<<<<
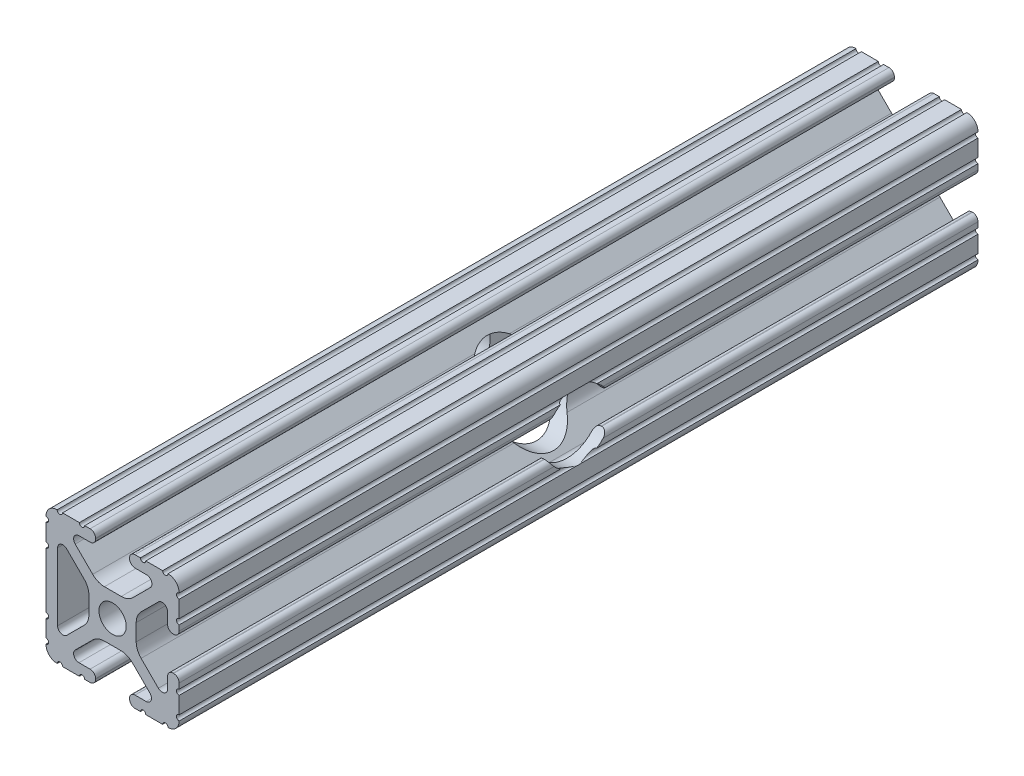
SolidWorks part; units mm, degrees
material "6061-T6 (SS)"
ref_plane "Front Plane" through (0, 0, 0) normal (0, 0, 1) x (1, 0, 0)
ref_plane "Top Plane" through (0, 0, 0) normal (0, 1, 0) x (1, 0, 0)
ref_plane "Right Plane" through (0, 0, 0) normal (1, 0, 0) x (0, 0, -1)
ref_plane "Plane1" through (0, 0, -152.4) normal (0, 0, -1) x (-1, 0, 0)
sketch "Sketch1" plane through (0, 0, -152.4) normal (0, 0, -1) x (-1, 0, 0)
  line L0 (6.4164, -10.4902) -> (4.2875, -10.4902)
  line L1 (3.2385, -11.5392) -> (3.2385, -11.651)
  line L2 (4.2875, -12.7) -> (5.3171, -12.7)
  line L3 (6.3331, -12.7) -> (9.5504, -12.7)
  line L4 (12.7, -9.5504) -> (12.7, -6.3331)
  line L5 (12.7, -5.3171) -> (12.7, 5.3171)
  line L6 (12.7, 6.3331) -> (12.7, 9.5504)
  line L7 (9.5504, 12.7) -> (6.3331, 12.7)
  line L8 (5.3171, 12.7) -> (4.2875, 12.7)
  line L9 (3.2384, 11.651) -> (3.2384, 11.5392)
  line L10 (4.2875, 10.4902) -> (6.4164, 10.4902)
  line L11 (7.1341, 8.7551) -> (3.7966, 5.4237)
  line L12 (1.5536, 4.4958) -> (-1.6573, 4.4958)
  line L13 (-3.9003, 5.4237) -> (-7.2072, 8.7245)
  line L14 (-6.4768, 10.4902) -> (-4.2875, 10.4902)
  line L15 (-3.2384, 11.5392) -> (-3.2384, 11.651)
  line L16 (-4.2875, 12.7) -> (-5.3171, 12.7)
  line L17 (-6.3331, 12.7) -> (-9.5504, 12.7)
  line L18 (-12.7, 9.5504) -> (-12.7, 6.3331)
  line L19 (-12.7, 5.3171) -> (-12.7, 4.2875)
  line L20 (-11.651, 3.2385) -> (-11.5392, 3.2385)
  line L21 (-10.4902, 4.2875) -> (-10.4902, 6.4021)
  line L22 (-8.737, 7.1292) -> (-5.4405, 3.8388)
  line L23 (-4.5085, 1.5917) -> (-4.5085, -1.5917)
  line L24 (-5.4405, -3.8388) -> (-8.737, -7.1292)
  line L25 (-10.4902, -6.4021) -> (-10.4902, -4.2875)
  line L26 (-11.5392, -3.2385) -> (-11.651, -3.2385)
  line L27 (-12.7, -4.2875) -> (-12.7, -5.3171)
  line L28 (-12.7, -6.3331) -> (-12.7, -9.5504)
  line L29 (-9.5504, -12.7) -> (-6.3331, -12.7)
  line L30 (-5.3171, -12.7) -> (-4.2875, -12.7)
  line L31 (-3.2385, -11.651) -> (-3.2385, -11.5392)
  line L32 (-4.2875, -10.4902) -> (-6.4083, -10.4902)
  line L33 (-7.1285, -8.7494) -> (-3.7967, -5.4237)
  line L34 (-1.5536, -4.4958) -> (1.5536, -4.4958)
  line L35 (3.7967, -5.4237) -> (7.1342, -8.7551)
  line L36 (10.4902, 6.4464) -> (10.4902, -6.4254)
  line L37 (8.7534, -7.1457) -> (5.4405, -3.8388)
  line L38 (4.5085, -1.5917) -> (4.5085, 1.5917)
  line L39 (5.4405, 3.8388) -> (8.7683, 7.1606)
  arc A0 (4.2875, -10.4902) -> (3.2385, -11.5392) centre (4.2875, -11.5392) ccw
  arc A1 (3.2385, -11.651) -> (4.2875, -12.7) centre (4.2875, -11.651) ccw
  arc A2 (5.3171, -12.7) -> (6.3331, -12.7) centre (5.8251, -12.7) cw
  arc A3 (9.5504, -12.7) -> (10.5664, -12.6998) centre (10.0584, -12.7) cw
  arc A4 (10.5664, -12.6998) -> (12.6998, -10.5664) centre (10.5918, -10.5918) ccw
  arc A5 (12.6998, -10.5664) -> (12.7, -9.5504) centre (12.7, -10.0584) cw
  arc A6 (12.7, -6.3331) -> (12.7, -5.3171) centre (12.7, -5.8251) cw
  arc A7 (12.7, 5.3171) -> (12.7, 6.3331) centre (12.7, 5.8251) cw
  arc A8 (12.7, 9.5504) -> (12.6998, 10.5664) centre (12.7, 10.0584) cw
  arc A9 (12.6998, 10.5664) -> (10.5664, 12.6998) centre (10.5918, 10.5918) ccw
  arc A10 (10.5664, 12.6998) -> (9.5504, 12.7) centre (10.0584, 12.7) cw
  arc A11 (6.3331, 12.7) -> (5.3171, 12.7) centre (5.8251, 12.7) cw
  arc A12 (4.2875, 12.7) -> (3.2384, 11.651) centre (4.2875, 11.651) ccw
  arc A13 (3.2384, 11.5392) -> (4.2875, 10.4902) centre (4.2875, 11.5392) ccw
  arc A14 (6.4164, 10.4902) -> (7.1341, 8.7551) centre (6.4164, 9.4742) cw
  arc A15 (3.7966, 5.4237) -> (1.5536, 4.4958) centre (1.5536, 7.6708) cw
  arc A16 (-1.6573, 4.4958) -> (-3.9003, 5.4237) centre (-1.6573, 7.6708) cw
  arc A17 (-7.2072, 8.7245) -> (-6.4768, 10.4902) centre (-6.4768, 9.4563) cw
  arc A18 (-4.2875, 10.4902) -> (-3.2384, 11.5392) centre (-4.2875, 11.5392) ccw
  arc A19 (-3.2384, 11.651) -> (-4.2875, 12.7) centre (-4.2875, 11.651) ccw
  arc A20 (-5.3171, 12.7) -> (-6.3331, 12.7) centre (-5.8251, 12.7) cw
  arc A21 (-9.5504, 12.7) -> (-10.5664, 12.6998) centre (-10.0584, 12.7) cw
  arc A22 (-10.5664, 12.6998) -> (-12.6998, 10.5664) centre (-10.5918, 10.5918) ccw
  arc A23 (-12.6998, 10.5664) -> (-12.7, 9.5504) centre (-12.7, 10.0584) cw
  arc A24 (-12.7, 6.3331) -> (-12.7, 5.3171) centre (-12.7, 5.8251) cw
  arc A25 (-12.7, 4.2875) -> (-11.651, 3.2385) centre (-11.651, 4.2875) ccw
  arc A26 (-11.5392, 3.2385) -> (-10.4902, 4.2875) centre (-11.5392, 4.2875) ccw
  arc A27 (-10.4902, 6.4021) -> (-8.737, 7.1292) centre (-9.4628, 6.4021) cw
  arc A28 (-5.4405, 3.8388) -> (-4.5085, 1.5917) centre (-7.6835, 1.5917) cw
  arc A29 (-4.5085, -1.5917) -> (-5.4405, -3.8388) centre (-7.6835, -1.5917) cw
  arc A30 (-8.737, -7.1292) -> (-10.4902, -6.4021) centre (-9.4628, -6.4021) cw
  arc A31 (-10.4902, -4.2875) -> (-11.5392, -3.2385) centre (-11.5392, -4.2875) ccw
  arc A32 (-11.651, -3.2385) -> (-12.7, -4.2875) centre (-11.651, -4.2875) ccw
  arc A33 (-12.7, -5.3171) -> (-12.7, -6.3331) centre (-12.7, -5.8251) cw
  arc A34 (-12.7, -9.5504) -> (-12.6998, -10.5664) centre (-12.7, -10.0584) cw
  arc A35 (-12.6998, -10.5664) -> (-10.5664, -12.6998) centre (-10.5918, -10.5918) ccw
  arc A36 (-10.5664, -12.6998) -> (-9.5504, -12.7) centre (-10.0584, -12.7) cw
  arc A37 (-6.3331, -12.7) -> (-5.3171, -12.7) centre (-5.8251, -12.7) cw
  arc A38 (-4.2875, -12.7) -> (-3.2385, -11.651) centre (-4.2875, -11.651) ccw
  arc A39 (-3.2385, -11.5392) -> (-4.2875, -10.4902) centre (-4.2875, -11.5392) ccw
  arc A40 (-6.4083, -10.4902) -> (-7.1285, -8.7494) centre (-6.4083, -9.4709) cw
  arc A41 (-3.7967, -5.4237) -> (-1.5536, -4.4958) centre (-1.5536, -7.6708) cw
  arc A42 (1.5536, -4.4958) -> (3.7967, -5.4237) centre (1.5536, -7.6708) cw
  arc A43 (7.1342, -8.7551) -> (6.4164, -10.4902) centre (6.4164, -9.4742) cw
  arc A44 (8.7683, 7.1606) -> (10.4902, 6.4464) centre (9.4812, 6.4464) cw
  arc A45 (10.4902, -6.4254) -> (8.7534, -7.1457) centre (9.4724, -6.4254) cw
  arc A46 (5.4405, -3.8388) -> (4.5085, -1.5917) centre (7.6835, -1.5917) cw
  arc A47 (4.5085, 1.5917) -> (5.4405, 3.8388) centre (7.6835, 1.5917) cw
  circle A48 centre (0, 0) radius 2.6035
extrude "Boss-Extrude1" add sketch "Sketch1" against normal blind 152.4
sketch "Sketch2" plane through (-12.7, 0, 0) normal (-1, 0, 0) x (0, 0, 1)
  line L4 (-152.4, -5.3171) -> (-152.4, 5.3171) construction
  circle A0 centre (-76.2, 0) radius 6.35
  dimension "D1" = 76.2
extrude "Cut-Extrude1" cut sketch "Sketch2" against normal through all
>>>>
* [Exercise aim] Copy the lines exactly as they appear from the opening of the entries above through the line with "line L4 (12.7, -9.5504) -> (12.7, -6.3331)", excluding all pictures.

* [Task result]
SolidWorks part; units mm, degrees
material "6061-T6 (SS)"
ref_plane "Front Plane" through (0, 0, 0) normal (0, 0, 1) x (1, 0, 0)
ref_plane "Top Plane" through (0, 0, 0) normal (0, 1, 0) x (1, 0, 0)
ref_plane "Right Plane" through (0, 0, 0) normal (1, 0, 0) x (0, 0, -1)
ref_plane "Plane1" through (0, 0, -152.4) normal (0, 0, -1) x (-1, 0, 0)
sketch "Sketch1" plane through (0, 0, -152.4) normal (0, 0, -1) x (-1, 0, 0)
  line L0 (6.4164, -10.4902) -> (4.2875, -10.4902)
  line L1 (3.2385, -11.5392) -> (3.2385, -11.651)
  line L2 (4.2875, -12.7) -> (5.3171, -12.7)
  line L3 (6.3331, -12.7) -> (9.5504, -12.7)
  line L4 (12.7, -9.5504) -> (12.7, -6.3331)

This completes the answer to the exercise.